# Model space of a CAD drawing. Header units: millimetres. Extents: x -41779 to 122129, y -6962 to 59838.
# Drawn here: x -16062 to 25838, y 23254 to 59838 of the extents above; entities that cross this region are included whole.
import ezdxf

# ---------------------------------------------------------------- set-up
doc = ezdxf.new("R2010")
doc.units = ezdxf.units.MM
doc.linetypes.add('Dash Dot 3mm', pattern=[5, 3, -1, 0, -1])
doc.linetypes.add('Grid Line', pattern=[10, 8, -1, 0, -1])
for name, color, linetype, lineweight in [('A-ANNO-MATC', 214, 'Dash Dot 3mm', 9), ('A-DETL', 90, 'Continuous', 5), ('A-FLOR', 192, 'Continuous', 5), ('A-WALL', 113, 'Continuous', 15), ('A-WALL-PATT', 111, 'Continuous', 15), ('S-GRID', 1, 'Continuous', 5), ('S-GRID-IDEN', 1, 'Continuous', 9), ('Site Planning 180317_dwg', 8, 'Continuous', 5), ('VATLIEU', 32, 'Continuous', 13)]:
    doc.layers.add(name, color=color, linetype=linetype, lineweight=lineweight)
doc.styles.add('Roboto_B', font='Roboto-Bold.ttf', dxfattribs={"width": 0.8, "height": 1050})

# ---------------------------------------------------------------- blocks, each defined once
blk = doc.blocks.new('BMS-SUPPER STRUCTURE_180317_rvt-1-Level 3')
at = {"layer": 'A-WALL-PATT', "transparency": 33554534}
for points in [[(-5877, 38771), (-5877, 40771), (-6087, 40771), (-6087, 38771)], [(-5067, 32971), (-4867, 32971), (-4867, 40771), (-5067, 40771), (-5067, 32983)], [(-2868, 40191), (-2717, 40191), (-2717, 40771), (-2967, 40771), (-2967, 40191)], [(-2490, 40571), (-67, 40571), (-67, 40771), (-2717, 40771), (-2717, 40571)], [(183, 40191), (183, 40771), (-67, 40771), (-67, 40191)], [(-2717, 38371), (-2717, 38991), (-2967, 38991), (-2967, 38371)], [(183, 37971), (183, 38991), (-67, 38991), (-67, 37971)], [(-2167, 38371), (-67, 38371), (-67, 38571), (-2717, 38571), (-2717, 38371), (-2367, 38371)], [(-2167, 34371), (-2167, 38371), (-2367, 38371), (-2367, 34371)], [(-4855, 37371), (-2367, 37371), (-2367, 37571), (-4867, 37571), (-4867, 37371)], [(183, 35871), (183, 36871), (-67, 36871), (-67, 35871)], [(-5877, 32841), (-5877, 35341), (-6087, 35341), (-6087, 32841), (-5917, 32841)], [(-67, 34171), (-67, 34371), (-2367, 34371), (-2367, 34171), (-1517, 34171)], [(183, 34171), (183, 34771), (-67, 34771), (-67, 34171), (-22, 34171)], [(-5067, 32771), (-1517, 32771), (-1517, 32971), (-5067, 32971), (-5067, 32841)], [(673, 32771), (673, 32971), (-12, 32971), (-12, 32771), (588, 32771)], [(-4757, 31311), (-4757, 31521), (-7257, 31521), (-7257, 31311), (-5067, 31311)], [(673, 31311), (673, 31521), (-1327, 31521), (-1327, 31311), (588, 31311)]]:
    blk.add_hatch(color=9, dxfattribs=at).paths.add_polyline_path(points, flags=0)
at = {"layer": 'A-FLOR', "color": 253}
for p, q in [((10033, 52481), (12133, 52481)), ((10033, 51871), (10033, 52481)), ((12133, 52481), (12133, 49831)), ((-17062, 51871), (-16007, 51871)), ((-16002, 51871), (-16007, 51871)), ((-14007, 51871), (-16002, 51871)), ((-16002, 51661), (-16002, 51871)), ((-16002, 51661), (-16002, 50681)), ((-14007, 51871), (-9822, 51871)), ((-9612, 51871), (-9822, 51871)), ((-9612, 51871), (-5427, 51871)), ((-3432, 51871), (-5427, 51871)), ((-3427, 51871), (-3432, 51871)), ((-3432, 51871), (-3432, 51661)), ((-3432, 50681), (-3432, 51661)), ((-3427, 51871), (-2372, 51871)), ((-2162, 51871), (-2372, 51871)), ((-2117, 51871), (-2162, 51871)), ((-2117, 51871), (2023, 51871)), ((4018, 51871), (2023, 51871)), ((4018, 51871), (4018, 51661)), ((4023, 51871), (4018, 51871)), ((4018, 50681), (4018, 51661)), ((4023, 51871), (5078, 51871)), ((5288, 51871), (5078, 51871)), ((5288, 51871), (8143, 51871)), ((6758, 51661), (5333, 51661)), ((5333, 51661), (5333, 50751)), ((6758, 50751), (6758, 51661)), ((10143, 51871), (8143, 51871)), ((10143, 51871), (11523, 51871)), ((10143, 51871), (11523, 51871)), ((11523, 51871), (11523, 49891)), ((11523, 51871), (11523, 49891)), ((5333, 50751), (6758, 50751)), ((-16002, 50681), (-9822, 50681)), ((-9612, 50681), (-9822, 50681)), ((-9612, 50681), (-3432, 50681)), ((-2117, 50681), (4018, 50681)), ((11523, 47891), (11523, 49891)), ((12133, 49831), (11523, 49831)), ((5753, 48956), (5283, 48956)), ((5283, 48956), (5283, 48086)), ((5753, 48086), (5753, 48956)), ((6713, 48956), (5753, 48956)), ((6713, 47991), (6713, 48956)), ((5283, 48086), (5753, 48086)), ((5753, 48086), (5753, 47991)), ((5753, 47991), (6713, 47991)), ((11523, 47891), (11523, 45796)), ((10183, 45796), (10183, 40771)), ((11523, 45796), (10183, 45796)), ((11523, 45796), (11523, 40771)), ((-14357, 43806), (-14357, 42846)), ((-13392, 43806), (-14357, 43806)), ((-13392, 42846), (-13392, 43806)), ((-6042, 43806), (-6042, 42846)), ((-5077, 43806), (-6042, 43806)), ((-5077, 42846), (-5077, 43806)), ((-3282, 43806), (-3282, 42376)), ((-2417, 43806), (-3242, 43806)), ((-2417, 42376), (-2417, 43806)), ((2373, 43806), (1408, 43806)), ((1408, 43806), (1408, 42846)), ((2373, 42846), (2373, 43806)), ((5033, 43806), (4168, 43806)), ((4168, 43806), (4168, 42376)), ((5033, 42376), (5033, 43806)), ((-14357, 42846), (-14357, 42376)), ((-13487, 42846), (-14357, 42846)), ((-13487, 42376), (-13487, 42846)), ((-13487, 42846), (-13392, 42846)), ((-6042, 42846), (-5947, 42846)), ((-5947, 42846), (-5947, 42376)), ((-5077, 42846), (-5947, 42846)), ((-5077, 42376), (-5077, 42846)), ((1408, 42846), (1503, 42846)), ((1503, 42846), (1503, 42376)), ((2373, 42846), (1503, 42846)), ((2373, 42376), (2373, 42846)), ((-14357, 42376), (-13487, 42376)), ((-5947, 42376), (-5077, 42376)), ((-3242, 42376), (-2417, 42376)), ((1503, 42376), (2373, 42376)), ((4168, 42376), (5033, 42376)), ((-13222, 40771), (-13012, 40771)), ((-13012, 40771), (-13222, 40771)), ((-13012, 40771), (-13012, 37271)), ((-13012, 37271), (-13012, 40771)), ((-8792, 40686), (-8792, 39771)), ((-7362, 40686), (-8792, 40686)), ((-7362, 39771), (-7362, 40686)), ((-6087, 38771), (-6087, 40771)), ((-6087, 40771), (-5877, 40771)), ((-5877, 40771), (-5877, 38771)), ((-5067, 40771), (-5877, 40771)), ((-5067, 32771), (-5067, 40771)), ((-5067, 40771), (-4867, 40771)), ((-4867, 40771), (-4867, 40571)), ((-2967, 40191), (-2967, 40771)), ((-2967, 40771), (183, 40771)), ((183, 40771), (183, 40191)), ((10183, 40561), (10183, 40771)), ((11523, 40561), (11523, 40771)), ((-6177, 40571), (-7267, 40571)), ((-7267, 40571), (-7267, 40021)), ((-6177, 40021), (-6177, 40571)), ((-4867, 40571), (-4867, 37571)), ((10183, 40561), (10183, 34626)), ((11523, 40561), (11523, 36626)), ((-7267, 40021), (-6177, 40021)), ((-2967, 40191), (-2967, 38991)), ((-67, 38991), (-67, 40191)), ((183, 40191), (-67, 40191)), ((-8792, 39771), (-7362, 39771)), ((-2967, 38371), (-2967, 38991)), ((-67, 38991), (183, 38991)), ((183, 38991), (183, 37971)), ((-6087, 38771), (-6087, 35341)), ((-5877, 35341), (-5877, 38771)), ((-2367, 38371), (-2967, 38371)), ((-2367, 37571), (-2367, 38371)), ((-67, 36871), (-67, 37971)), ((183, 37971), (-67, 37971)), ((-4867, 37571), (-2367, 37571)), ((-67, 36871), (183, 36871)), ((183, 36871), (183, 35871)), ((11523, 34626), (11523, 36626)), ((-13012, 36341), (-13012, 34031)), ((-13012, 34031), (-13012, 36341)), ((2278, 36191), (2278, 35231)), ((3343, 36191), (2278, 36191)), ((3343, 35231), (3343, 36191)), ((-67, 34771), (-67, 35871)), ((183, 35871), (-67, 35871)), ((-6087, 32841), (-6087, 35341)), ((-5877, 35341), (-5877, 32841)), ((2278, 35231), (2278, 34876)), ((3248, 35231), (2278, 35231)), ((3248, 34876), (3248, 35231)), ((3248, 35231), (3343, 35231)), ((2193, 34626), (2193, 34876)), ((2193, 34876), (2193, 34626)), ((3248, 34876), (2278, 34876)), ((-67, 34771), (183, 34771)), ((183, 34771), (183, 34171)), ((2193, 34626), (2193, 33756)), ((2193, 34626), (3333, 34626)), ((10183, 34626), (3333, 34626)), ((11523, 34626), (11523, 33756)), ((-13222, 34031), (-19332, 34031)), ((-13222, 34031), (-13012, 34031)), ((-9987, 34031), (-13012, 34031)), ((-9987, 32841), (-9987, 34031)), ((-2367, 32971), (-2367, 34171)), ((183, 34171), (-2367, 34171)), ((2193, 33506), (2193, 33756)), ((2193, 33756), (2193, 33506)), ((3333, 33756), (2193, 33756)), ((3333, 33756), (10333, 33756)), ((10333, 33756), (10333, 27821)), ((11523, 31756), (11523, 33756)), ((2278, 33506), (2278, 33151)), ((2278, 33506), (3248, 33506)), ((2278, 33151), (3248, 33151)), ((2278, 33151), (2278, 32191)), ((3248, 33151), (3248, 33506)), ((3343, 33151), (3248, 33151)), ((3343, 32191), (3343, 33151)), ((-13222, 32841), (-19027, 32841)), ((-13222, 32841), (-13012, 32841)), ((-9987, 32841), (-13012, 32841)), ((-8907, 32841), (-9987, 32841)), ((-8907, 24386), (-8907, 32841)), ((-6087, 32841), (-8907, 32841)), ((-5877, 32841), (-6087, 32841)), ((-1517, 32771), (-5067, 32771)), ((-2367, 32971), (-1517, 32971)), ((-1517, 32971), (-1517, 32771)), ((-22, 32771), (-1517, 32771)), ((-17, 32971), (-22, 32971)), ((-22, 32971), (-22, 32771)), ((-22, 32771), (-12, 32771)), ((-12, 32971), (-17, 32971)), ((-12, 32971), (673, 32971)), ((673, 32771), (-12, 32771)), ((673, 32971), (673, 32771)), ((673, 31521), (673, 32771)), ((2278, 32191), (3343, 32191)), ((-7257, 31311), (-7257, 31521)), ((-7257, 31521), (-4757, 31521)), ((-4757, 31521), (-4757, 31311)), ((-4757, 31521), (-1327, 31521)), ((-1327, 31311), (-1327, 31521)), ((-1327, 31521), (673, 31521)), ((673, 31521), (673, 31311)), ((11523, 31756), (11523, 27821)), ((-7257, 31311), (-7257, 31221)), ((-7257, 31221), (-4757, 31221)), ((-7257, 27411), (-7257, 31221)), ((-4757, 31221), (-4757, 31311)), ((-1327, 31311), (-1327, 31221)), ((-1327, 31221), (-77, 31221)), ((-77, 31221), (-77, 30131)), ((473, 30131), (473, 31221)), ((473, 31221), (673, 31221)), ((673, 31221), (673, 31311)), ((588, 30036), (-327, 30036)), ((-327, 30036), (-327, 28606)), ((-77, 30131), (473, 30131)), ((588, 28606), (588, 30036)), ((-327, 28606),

__TASK GOAL__. Each line in the entries above that includes the string "name" should be extracted.

__PROBLEM SOLUTION__.
for name, color, linetype, lineweight in [('A-ANNO-MATC', 214, 'Dash Dot 3mm', 9), ('A-DETL', 90, 'Continuous', 5), ('A-FLOR', 192, 'Continuous', 5), ('A-WALL', 113, 'Continuous', 15), ('A-WALL-PATT', 111, 'Continuous', 15), ('S-GRID', 1, 'Continuous', 5), ('S-GRID-IDEN', 1, 'Continuous', 9), ('Site Planning 180317_dwg', 8, 'Continuous', 5), ('VATLIEU', 32, 'Continuous', 13)]:
    doc.layers.add(name, color=color, linetype=linetype, lineweight=lineweight)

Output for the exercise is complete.